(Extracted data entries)
==*==
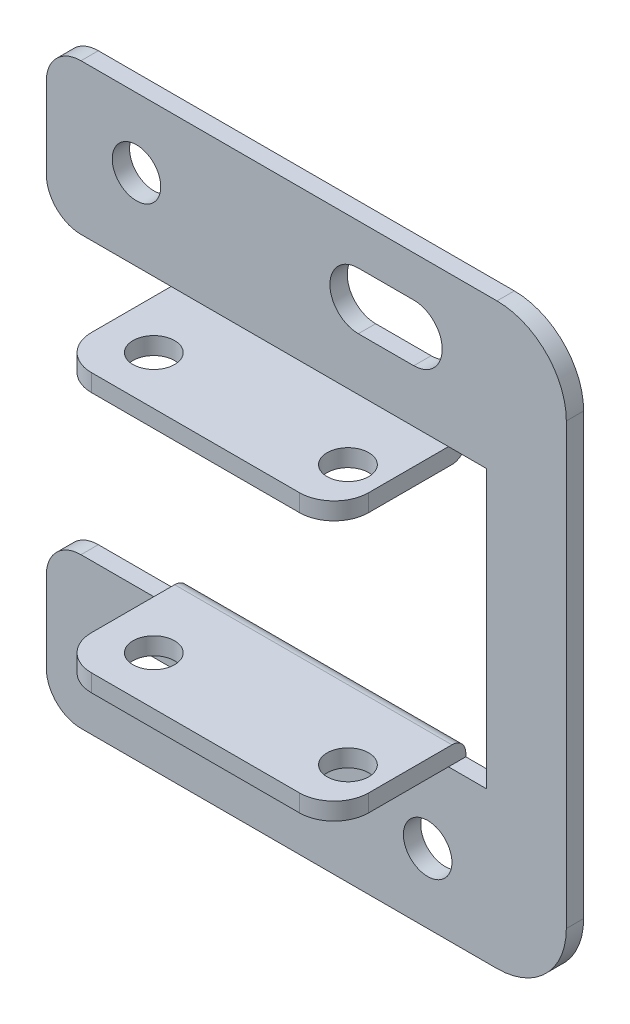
ISO-10303-21;
HEADER;
FILE_DESCRIPTION(('STEP AP214'),'2;1');
FILE_NAME('part.step','',(''),(''),'','','');
FILE_SCHEMA(('AUTOMOTIVE_DESIGN { 1 0 10303 214 1 1 1 1 }'));
ENDSEC;
DATA;
#1=APPLICATION_CONTEXT('core data for automotive mechanical design processes');
#2=APPLICATION_PROTOCOL_DEFINITION('international standard','automotive_design',2000,#1);
#3=PRODUCT_CONTEXT('',#1,'mechanical');
#4=PRODUCT('Part','Part','',(#3));
#5=PRODUCT_RELATED_PRODUCT_CATEGORY('part','',(#4));
#6=PRODUCT_DEFINITION_FORMATION('','',#4);
#7=PRODUCT_DEFINITION_CONTEXT('part definition',#1,'design');
#8=PRODUCT_DEFINITION('design','',#6,#7);
#9=PRODUCT_DEFINITION_SHAPE('','',#8);
#10=(LENGTH_UNIT() NAMED_UNIT(*) SI_UNIT(.MILLI.,.METRE.));
#11=(NAMED_UNIT(*) PLANE_ANGLE_UNIT() SI_UNIT($,.RADIAN.));
#12=(NAMED_UNIT(*) SI_UNIT($,.STERADIAN.) SOLID_ANGLE_UNIT());
#13=UNCERTAINTY_MEASURE_WITH_UNIT(LENGTH_MEASURE(1.E-05),#10,'distance_accuracy_value','');
#14=(GEOMETRIC_REPRESENTATION_CONTEXT(3) GLOBAL_UNCERTAINTY_ASSIGNED_CONTEXT((#13)) GLOBAL_UNIT_ASSIGNED_CONTEXT((#10,
#11,#12)) REPRESENTATION_CONTEXT('',''));
#15=CARTESIAN_POINT('',(0.,0.,0.));
#16=DIRECTION('',(0.,0.,1.));
#17=DIRECTION('',(1.,0.,0.));
#18=AXIS2_PLACEMENT_3D('',#15,#16,#17);
#19=CARTESIAN_POINT('',(9.00000000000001,-10.,7.));
#20=DIRECTION('',(-1.,0.,0.));
#21=DIRECTION('',(0.,0.,1.));
#22=AXIS2_PLACEMENT_3D('',#19,#20,#21);
#23=PLANE('',#22);
#24=DIRECTION('',(0.,1.,0.));
#25=VECTOR('',#24,1.);
#26=CARTESIAN_POINT('',(9.00000000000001,-10.,7.));
#27=LINE('',#26,#25);
#28=CARTESIAN_POINT('',(9.00000000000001,-8.75,7.));
#29=VERTEX_POINT('',#28);
#30=CARTESIAN_POINT('',(9.00000000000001,-10.,7.));
#31=VERTEX_POINT('',#30);
#32=EDGE_CURVE('E276',#29,#31,#27,.F.);
#33=ORIENTED_EDGE('',*,*,#32,.F.);
#34=DIRECTION('',(0.,0.,1.));
#35=VECTOR('',#34,1.);
#36=CARTESIAN_POINT('',(9.00000000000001,-8.75,4.55043997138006));
#37=LINE('',#36,#35);
#38=CARTESIAN_POINT('',(9.00000000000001,-8.75,1.));
#39=VERTEX_POINT('',#38);
#40=EDGE_CURVE('E320',#39,#29,#37,.T.);
#41=ORIENTED_EDGE('',*,*,#40,.F.);
#42=CARTESIAN_POINT('',(9.00000000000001,-9.75,1.));
#43=DIRECTION('',(1.,0.,0.));
#44=DIRECTION('',(0.,1.,0.));
#45=AXIS2_PLACEMENT_3D('',#42,#43,#44);
#46=CIRCLE('',#45,1.);
#47=CARTESIAN_POINT('',(9.00000000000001,-9.75,0.));
#48=VERTEX_POINT('',#47);
#49=EDGE_CURVE('E19',#39,#48,#46,.F.);
#50=ORIENTED_EDGE('',*,*,#49,.T.);
#51=DIRECTION('',(0.,1.,0.));
#52=VECTOR('',#51,1.);
#53=CARTESIAN_POINT('',(9.00000000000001,-10.,0.));
#54=LINE('',#53,#52);
#55=CARTESIAN_POINT('',(9.00000000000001,-10.,0.));
#56=VERTEX_POINT('',#55);
#57=EDGE_CURVE('E271',#48,#56,#54,.F.);
#58=ORIENTED_EDGE('',*,*,#57,.T.);
#59=DIRECTION('',(0.,0.,1.));
#60=VECTOR('',#59,1.);
#61=CARTESIAN_POINT('',(9.00000000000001,-10.,7.));
#62=LINE('',#61,#60);
#63=CARTESIAN_POINT('',(9.00000000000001,-10.,1.25));
#64=VERTEX_POINT('',#63);
#65=EDGE_CURVE('E266',#56,#64,#62,.T.);
#66=ORIENTED_EDGE('',*,*,#65,.T.);
#67=DIRECTION('',(0.,0.,1.));
#68=VECTOR('',#67,1.);
#69=CARTESIAN_POINT('',(9.00000000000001,-10.,4.55043997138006));
#70=LINE('',#69,#68);
#71=EDGE_CURVE('E269',#64,#31,#70,.T.);
#72=ORIENTED_EDGE('',*,*,#71,.T.);
#73=EDGE_LOOP('',(#33,#41,#50,#58,#66,#72));
#74=FACE_BOUND('',#73,.T.);
#75=ADVANCED_FACE('F15',(#74),#23,.T.);
#76=CARTESIAN_POINT('',(11.5,-10.,7.));
#77=DIRECTION('',(0.,1.,0.));
#78=DIRECTION('',(0.,0.,1.));
#79=AXIS2_PLACEMENT_3D('',#76,#77,#78);
#80=CYLINDRICAL_SURFACE('',#79,2.5);
#81=CARTESIAN_POINT('',(11.5,-10.,7.));
#82=DIRECTION('',(0.,1.,0.));
#83=DIRECTION('',(0.,0.,1.));
#84=AXIS2_PLACEMENT_3D('',#81,#82,#83);
#85=CIRCLE('',#84,2.5);
#86=CARTESIAN_POINT('',(11.5,-10.,9.5));
#87=VERTEX_POINT('',#86);
#88=EDGE_CURVE('E287',#31,#87,#85,.T.);
#89=ORIENTED_EDGE('',*,*,#88,.T.);
#90=DIRECTION('',(0.,1.,0.));
#91=VECTOR('',#90,1.);
#92=CARTESIAN_POINT('',(11.5,-10.,9.5));
#93=LINE('',#92,#91);
#94=CARTESIAN_POINT('',(11.5,-8.75,9.5));
#95=VERTEX_POINT('',#94);
#96=EDGE_CURVE('E378',#95,#87,#93,.F.);
#97=ORIENTED_EDGE('',*,*,#96,.F.);
#98=CARTESIAN_POINT('',(11.5,-8.75,7.));
#99=DIRECTION('',(0.,1.,0.));
#100=DIRECTION('',(0.,0.,1.));
#101=AXIS2_PLACEMENT_3D('',#98,#99,#100);
#102=CIRCLE('',#101,2.5);
#103=EDGE_CURVE('E319',#29,#95,#102,.T.);
#104=ORIENTED_EDGE('',*,*,#103,.F.);
#105=ORIENTED_EDGE('',*,*,#32,.T.);
#106=EDGE_LOOP('',(#89,#97,#104,#105));
#107=FACE_BOUND('',#106,.T.);
#108=ADVANCED_FACE('F778',(#107),#80,.T.);
#109=CARTESIAN_POINT('',(26.5,-10.,9.5));
#110=DIRECTION('',(0.,0.,1.));
#111=DIRECTION('',(1.,0.,0.));
#112=AXIS2_PLACEMENT_3D('',#109,#110,#111);
#113=PLANE('',#112);
#114=DIRECTION('',(1.,0.,0.));
#115=VECTOR('',#114,1.);
#116=CARTESIAN_POINT('',(19.,-10.,9.5));
#117=LINE('',#116,#115);
#118=CARTESIAN_POINT('',(26.5,-10.,9.5));
#119=VERTEX_POINT('',#118);
#120=EDGE_CURVE('E345',#87,#119,#117,.T.);
#121=ORIENTED_EDGE('',*,*,#120,.T.);
#122=DIRECTION('',(0.,1.,0.));
#123=VECTOR('',#122,1.);
#124=CARTESIAN_POINT('',(26.5,-10.,9.5));
#125=LINE('',#124,#123);
#126=CARTESIAN_POINT('',(26.5,-8.75,9.5));
#127=VERTEX_POINT('',#126);
#128=EDGE_CURVE('E376',#127,#119,#125,.F.);
#129=ORIENTED_EDGE('',*,*,#128,.F.);
#130=DIRECTION('',(1.,0.,0.));
#131=VECTOR('',#130,1.);
#132=CARTESIAN_POINT('',(19.,-8.75,9.5));
#133=LINE('',#132,#131);
#134=EDGE_CURVE('E317',#95,#127,#133,.T.);
#135=ORIENTED_EDGE('',*,*,#134,.F.);
#136=ORIENTED_EDGE('',*,*,#96,.T.);
#137=EDGE_LOOP('',(#121,#129,#135,#136));
#138=FACE_BOUND('',#137,.T.);
#139=ADVANCED_FACE('F774',(#138),#113,.T.);
#140=CARTESIAN_POINT('',(26.5,-10.,7.));
#141=DIRECTION('',(0.,1.,0.));
#142=DIRECTION('',(0.,0.,1.));
#143=AXIS2_PLACEMENT_3D('',#140,#141,#142);
#144=CYLINDRICAL_SURFACE('',#143,2.5);
#145=CARTESIAN_POINT('',(26.5,-10.,7.));
#146=DIRECTION('',(0.,1.,0.));
#147=DIRECTION('',(0.,0.,1.));
#148=AXIS2_PLACEMENT_3D('',#145,#146,#147);
#149=CIRCLE('',#148,2.5);
#150=CARTESIAN_POINT('',(29.,-10.,7.));
#151=VERTEX_POINT('',#150);
#152=EDGE_CURVE('E344',#119,#151,#149,.T.);
#153=ORIENTED_EDGE('',*,*,#152,.T.);
#154=DIRECTION('',(0.,1.,0.));
#155=VECTOR('',#154,1.);
#156=CARTESIAN_POINT('',(29.,-10.,7.));
#157=LINE('',#156,#155);
#158=CARTESIAN_POINT('',(29.,-8.75,7.));
#159=VERTEX_POINT('',#158);
#160=EDGE_CURVE('E373',#159,#151,#157,.F.);
#161=ORIENTED_EDGE('',*,*,#160,.F.);
#162=CARTESIAN_POINT('',(26.5,-8.75,7.));
#163=DIRECTION('',(0.,1.,0.));
#164=DIRECTION('',(0.,0.,1.));
#165=AXIS2_PLACEMENT_3D('',#162,#163,#164);
#166=CIRCLE('',#165,2.5);
#167=EDGE_CURVE('E316',#127,#159,#166,.T.);
#168=ORIENTED_EDGE('',*,*,#167,.F.);
#169=ORIENTED_EDGE('',*,*,#128,.T.);
#170=EDGE_LOOP('',(#153,#161,#168,#169));
#171=FACE_BOUND('',#170,.T.);
#172=ADVANCED_FACE('F771',(#171),#144,.T.);
#173=CARTESIAN_POINT('',(29.,-10.,0.));
#174=DIRECTION('',(1.,0.,0.));
#175=DIRECTION('',(0.,0.,-1.));
#176=AXIS2_PLACEMENT_3D('',#173,#174,#175);
#177=PLANE('',#176);
#178=DIRECTION('',(0.,0.,-1.));
#179=VECTOR('',#178,1.);
#180=CARTESIAN_POINT('',(29.,-10.,0.));
#181=LINE('',#180,#179);
#182=CARTESIAN_POINT('',(29.,-10.,1.25));
#183=VERTEX_POINT('',#182);
#184=CARTESIAN_POINT('',(29.,-10.,0.));
#185=VERTEX_POINT('',#184);
#186=EDGE_CURVE('E372',#183,#185,#181,.T.);
#187=ORIENTED_EDGE('',*,*,#186,.T.);
#188=DIRECTION('',(0.,1.,0.));
#189=VECTOR('',#188,1.);
#190=CARTESIAN_POINT('',(29.,-10.,0.));
#191=LINE('',#190,#189);
#192=CARTESIAN_POINT('',(29.,-9.75,0.));
#193=VERTEX_POINT('',#192);
#194=EDGE_CURVE('E370',#185,#193,#191,.T.);
#195=ORIENTED_EDGE('',*,*,#194,.T.);
#196=CARTESIAN_POINT('',(29.,-9.75,1.));
#197=DIRECTION('',(1.,0.,0.));
#198=DIRECTION('',(0.,1.,0.));
#199=AXIS2_PLACEMENT_3D('',#196,#197,#198);
#200=CIRCLE('',#199,1.);
#201=CARTESIAN_POINT('',(29.,-8.75,1.));
#202=VERTEX_POINT('',#201);
#203=EDGE_CURVE('E374',#193,#202,#200,.T.);
#204=ORIENTED_EDGE('',*,*,#203,.T.);
#205=DIRECTION('',(0.,0.,1.));
#206=VECTOR('',#205,1.);
#207=CARTESIAN_POINT('',(29.,-8.75,4.55043997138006));
#208=LINE('',#207,#206);
#209=EDGE_CURVE('E312',#159,#202,#208,.F.);
#210=ORIENTED_EDGE('',*,*,#209,.F.);
#211=ORIENTED_EDGE('',*,*,#160,.T.);
#212=DIRECTION('',(0.,0.,1.));
#213=VECTOR('',#212,1.);
#214=CARTESIAN_POINT('',(29.,-10.,4.55043997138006));
#215=LINE('',#214,#213);
#216=EDGE_CURVE('E340',#151,#183,#215,.F.);
#217=ORIENTED_EDGE('',*,*,#216,.T.);
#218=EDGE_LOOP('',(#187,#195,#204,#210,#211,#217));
==*==
Instructions for the task:
Only one stretch of the records above is wanted: the lines between the one holding "#100=DIRECTION('',(0.,0.,1.));" and the one holding "#111=DIRECTION('',(1.,0.,0.));", inclusive, reproduced exactly.

Answer to the problem:
#100=DIRECTION('',(0.,0.,1.));
#101=AXIS2_PLACEMENT_3D('',#98,#99,#100);
#102=CIRCLE('',#101,2.5);
#103=EDGE_CURVE('E319',#29,#95,#102,.T.);
#104=ORIENTED_EDGE('',*,*,#103,.F.);
#105=ORIENTED_EDGE('',*,*,#32,.T.);
#106=EDGE_LOOP('',(#89,#97,#104,#105));
#107=FACE_BOUND('',#106,.T.);
#108=ADVANCED_FACE('F778',(#107),#80,.T.);
#109=CARTESIAN_POINT('',(26.5,-10.,9.5));
#110=DIRECTION('',(0.,0.,1.));
#111=DIRECTION('',(1.,0.,0.));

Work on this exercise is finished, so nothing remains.